Throughout the course of this fellowship, I’ve had the amazing opportunity to meet influential mentors, learn and develop technical and transferable skills, and pursue a project akin to my personal passion. Entering this project, I knew the value of the interdisciplinary approach. It is one I adopted for my academic plan and a crucial component of developing the tools necessary to combat multidimensional problems. Thus, my perspective on interdisciplinary research remains the same, and I’m inspired to pursue more opportunities that allow me to cross disciplinary boundaries, including the continuation of this project. My orientation has always been to address systemic, social issues, which are extremely relevant especially in a modern context. The interdisciplinary approach allows holistic addressment to the particular issue, often deriving a unique solution. I intend to leverage my studies in Finance, Political Science, Data Analytics, Ethics, and Economics to tackle food insecurity issues throughout my time at Pitt as a continuous project. Working with the non-profit Food21 has enabled me to meet professionals from a variety of industries, from natural gas to In-city farming, all of whom have assisted me with the project and provided mentorship throughout the internship.
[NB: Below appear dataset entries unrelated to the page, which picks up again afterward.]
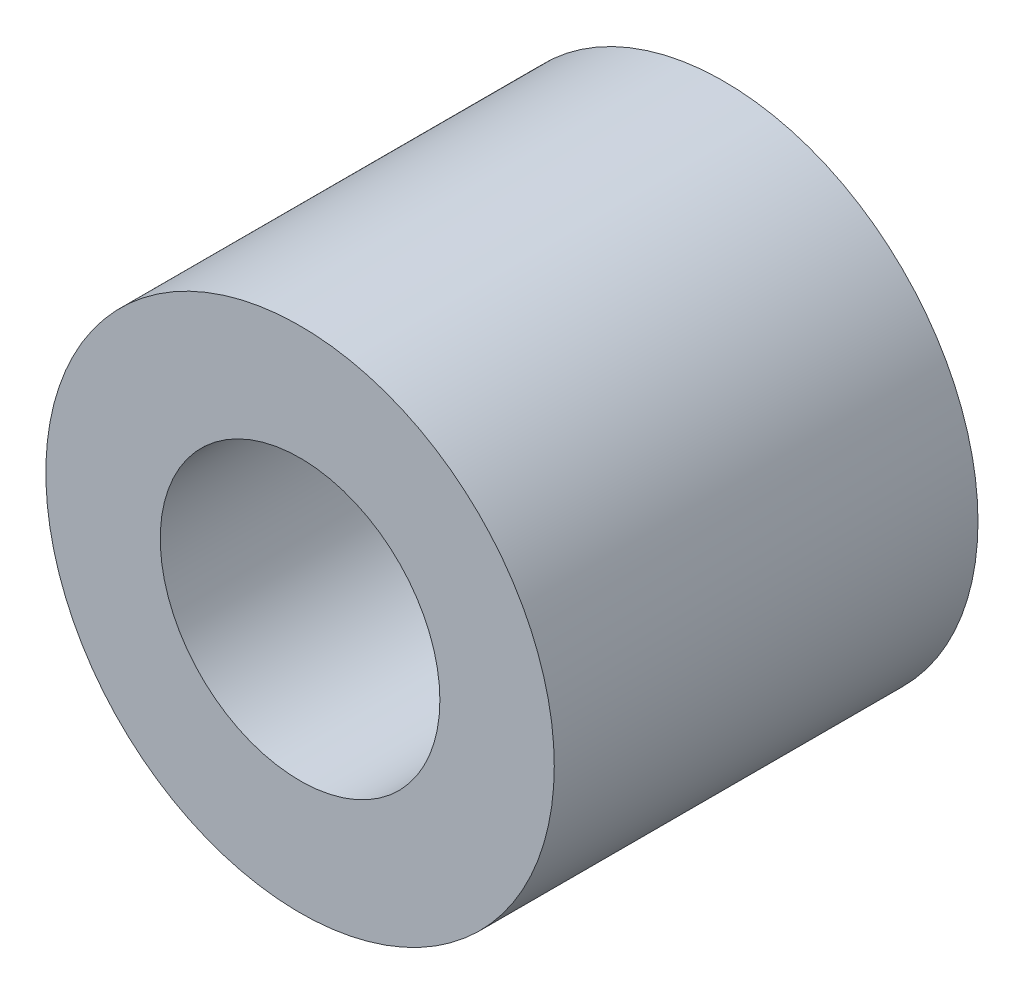
ISO-10303-21;
HEADER;
FILE_DESCRIPTION(('STEP AP214'),'2;1');
FILE_NAME('part.step','',(''),(''),'','','');
FILE_SCHEMA(('AUTOMOTIVE_DESIGN { 1 0 10303 214 1 1 1 1 }'));
ENDSEC;
DATA;
#1=APPLICATION_CONTEXT('core data for automotive mechanical design processes');
#2=APPLICATION_PROTOCOL_DEFINITION('international standard','automotive_design',2000,#1);
#3=PRODUCT_CONTEXT('',#1,'mechanical');
#4=PRODUCT('Part','Part','',(#3));
#5=PRODUCT_RELATED_PRODUCT_CATEGORY('part','',(#4));
#6=PRODUCT_DEFINITION_FORMATION('','',#4);
#7=PRODUCT_DEFINITION_CONTEXT('part definition',#1,'design');
#8=PRODUCT_DEFINITION('design','',#6,#7);
#9=PRODUCT_DEFINITION_SHAPE('','',#8);
#10=(LENGTH_UNIT() NAMED_UNIT(*) SI_UNIT(.MILLI.,.METRE.));
#11=(NAMED_UNIT(*) PLANE_ANGLE_UNIT() SI_UNIT($,.RADIAN.));
#12=(NAMED_UNIT(*) SI_UNIT($,.STERADIAN.) SOLID_ANGLE_UNIT());
#13=UNCERTAINTY_MEASURE_WITH_UNIT(LENGTH_MEASURE(1.E-05),#10,'distance_accuracy_value','');
#14=(GEOMETRIC_REPRESENTATION_CONTEXT(3) GLOBAL_UNCERTAINTY_ASSIGNED_CONTEXT((#13)) GLOBAL_UNIT_ASSIGNED_CONTEXT((#10,
#11,#12)) REPRESENTATION_CONTEXT('',''));
#15=CARTESIAN_POINT('',(0.,0.,0.));
#16=DIRECTION('',(0.,0.,1.));
#17=DIRECTION('',(1.,0.,0.));
#18=AXIS2_PLACEMENT_3D('',#15,#16,#17);
#19=CARTESIAN_POINT('',(0.,0.,5.));
#20=DIRECTION('',(0.,0.,1.));
#21=DIRECTION('',(1.,0.,0.));
#22=AXIS2_PLACEMENT_3D('',#19,#20,#21);
#23=PLANE('',#22);
#24=CARTESIAN_POINT('',(0.,0.,5.));
#25=DIRECTION('',(0.,0.,1.));
#26=DIRECTION('',(1.,0.,0.));
#27=AXIS2_PLACEMENT_3D('',#24,#25,#26);
#28=CIRCLE('',#27,3.);
#29=CARTESIAN_POINT('',(3.,0.,5.));
#30=VERTEX_POINT('',#29);
#31=EDGE_CURVE('E10',#30,#30,#28,.T.);
#32=ORIENTED_EDGE('',*,*,#31,.T.);
#33=EDGE_LOOP('',(#32));
#34=FACE_BOUND('',#33,.T.);
#35=CARTESIAN_POINT('',(0.,0.,5.));
#36=DIRECTION('',(0.,0.,1.));
#37=DIRECTION('',(1.,0.,0.));
#38=AXIS2_PLACEMENT_3D('',#35,#36,#37);
#39=CIRCLE('',#38,1.65);
#40=CARTESIAN_POINT('',(1.65,0.,5.));
#41=VERTEX_POINT('',#40);
#42=EDGE_CURVE('E44',#41,#41,#39,.T.);
#43=ORIENTED_EDGE('',*,*,#42,.F.);
#44=EDGE_LOOP('',(#43));
#45=FACE_BOUND('',#44,.T.);
#46=ADVANCED_FACE('F33',(#34,#45),#23,.T.);
#47=CARTESIAN_POINT('',(0.,0.,0.));
#48=DIRECTION('',(0.,0.,1.));
#49=DIRECTION('',(1.,0.,0.));
#50=AXIS2_PLACEMENT_3D('',#47,#48,#49);
#51=PLANE('',#50);
#52=CARTESIAN_POINT('',(0.,0.,0.));
#53=DIRECTION('',(0.,0.,1.));
#54=DIRECTION('',(1.,0.,0.));
#55=AXIS2_PLACEMENT_3D('',#52,#53,#54);
#56=CIRCLE('',#55,3.);
#57=CARTESIAN_POINT('',(3.,0.,0.));
#58=VERTEX_POINT('',#57);
#59=EDGE_CURVE('E37',#58,#58,#56,.T.);
#60=ORIENTED_EDGE('',*,*,#59,.F.);
#61=EDGE_LOOP('',(#60));
#62=FACE_BOUND('',#61,.T.);
#63=CARTESIAN_POINT('',(0.,0.,0.));
#64=DIRECTION('',(0.,0.,1.));
#65=DIRECTION('',(1.,0.,0.));
#66=AXIS2_PLACEMENT_3D('',#63,#64,#65);
#67=CIRCLE('',#66,1.65);
#68=CARTESIAN_POINT('',(1.65,0.,0.));
#69=VERTEX_POINT('',#68);
#70=EDGE_CURVE('E46',#69,#69,#67,.T.);
#71=ORIENTED_EDGE('',*,*,#70,.T.);
#72=EDGE_LOOP('',(#71));
#73=FACE_BOUND('',#72,.T.);
#74=ADVANCED_FACE('F56',(#62,#73),#51,.F.);
#75=CARTESIAN_POINT('',(0.,0.,5.));
#76=DIRECTION('',(0.,0.,-1.));
#77=DIRECTION('',(-1.,0.,0.));
#78=AXIS2_PLACEMENT_3D('',#75,#76,#77);
#79=CYLINDRICAL_SURFACE('',#78,3.);
#80=ORIENTED_EDGE('',*,*,#31,.F.);
#81=EDGE_LOOP('',(#80));
#82=FACE_BOUND('',#81,.T.);
#83=ORIENTED_EDGE('',*,*,#59,.T.);
#84=EDGE_LOOP('',(#83));
#85=FACE_BOUND('',#84,.T.);
#86=ADVANCED_FACE('F35',(#82,#85),#79,.T.);
#87=CARTESIAN_POINT('',(0.,0.,5.));
#88=DIRECTION('',(0.,0.,-1.));
#89=DIRECTION('',(-1.,0.,0.));
#90=AXIS2_PLACEMENT_3D('',#87,#88,#89);
#91=CYLINDRICAL_SURFACE('',#90,1.65);
#92=ORIENTED_EDGE('',*,*,#42,.T.);
#93=EDGE_LOOP('',(#92));
#94=FACE_BOUND('',#93,.T.);
#95=ORIENTED_EDGE('',*,*,#70,.F.);
#96=EDGE_LOOP('',(#95));
#97=FACE_BOUND('',#96,.T.);
#98=ADVANCED_FACE('F52',(#94,#97),#91,.F.);
#99=CLOSED_SHELL('',(#46,#74,#86,#98));
#100=MANIFOLD_SOLID_BREP('B2',#99);
#101=ADVANCED_BREP_SHAPE_REPRESENTATION('',(#18,#100),#14);
#102=SHAPE_DEFINITION_REPRESENTATION(#9,#101);
ENDSEC;
END-ISO-10303-21;

While it was valuable to communicate with these mentors, this communication was also difficult due to a lack of familiarity with their particular discipline. In addition, I had to present the product to various mentors in a way in which they’d understand and be able to provide insight on. I learned quickly that everyone was not a data scientist, and my novice experience in programming was not enough to enable me to explain complicated algorithms and programs. Instead, when I communicated the project to the various advisors, I employed a basic three-step approach. This came in handy this week when I had to present the project to members of the Board of Directors at Food21 to seek approval and feedback for the application. I prepared a presentation that followed the basic framework of: Problem, Product, Possibilities. First I gave background on the issue and previous research leading up this project. In this section I defined food insecurity and gave background on the original Food Abundance Index. Next I focused on the application itself. The meeting was conducted via Zoom, so I gave the Board a virtual walkthrough of the application, effectively adopting a mock scenario and explaining how it was portrayed in the database. I elected to omit any technical jargon or heavy explanation of the analysis processes, as it was not particularly relevant to any of the Board members, and would’ve caused confusion, which often happens when communicating across disciplines. Finally, I concluded the presentation by discussing the possible outcomes and impact of the project, which are directly related to some of the functionalities. I intentionally made this presentation short, in order to leave enough time for additional questions. This assumption was correct, as a discussion followed consisting of both feedback and praise. This was one of the most exciting encounters of the Fellowship, and validated my personal excitement about the potential of this application.
Throughout this fellowship, I’ve also developed many transferable and technical skills. For transferable skills, I alluded to some earlier in this post, as I’ve developed my communication and presentation skills during this Fellowship. I have been working closely with a developer from Food21, with whom I met extremely frequently. This improved my ability to schedule and facilitate meetings. This meeting facilitation is crucial, as it allows all parties involved to achieve goals without delving into tangential topics or issues that were not of priority. The classic notion of work life balance was achieved, as I became excellent at managing time between meetings, personal projects, and shark fishing with my brothers. Working in collaboration with someone else also supported my transferable skill of teamwork, and I learned the value of effective and frequent communication. It was necessary to ensure that we both were on the same page with goals and next steps throughout the duration of the project. This infusion of small, one-on-one brainstorm meetings and larger, presentational meetings provided me with a diverse experience that elevated my transferable skills in this area.
On the other hand, I also learn many hard skills throughout this Fellowship, most of which pertaining to data analytics. My developer and partner for this project, Sam Rose, has demonstrated that he knows pretty much everything about programming. This may seem like an exaggeration, however each meeting I’d approach him with a particular problem or idea, and he’d offer some sort of program to address it. If I were to write out everything I have learned from him over this past summer, I’d also have to begin drafting the next post on account of how much time it would take me to finish. Nonetheless, I have gained experience in the two coding languages our application is based in, Java and Python, and the language to code the webpage, HTML. In addition, I learned lots of open source software that can be implemented into application framework and data collection. Everything from MongoDB data warehouse applications, to Django Project, to a tool called Mautic that is employed for marketing and CRM. Experience in this diverse set of programs has enabled me to get an understanding of the programming discipline to the point where I can design the application, without spending time learning everything about the programs. Data science is an entirely different language, and learning it takes lots of time and effort. This summer has essentially provided me with a crash course on this discipline, laying the foundation for my exploration further into these programs. I am currently learning Python and Django Project, which go hand in hand, as a result of this Fellowship. Sam has done an excellent job of not only teaching me the material, but also inspiring me to pursue further education into the world of programming and data science.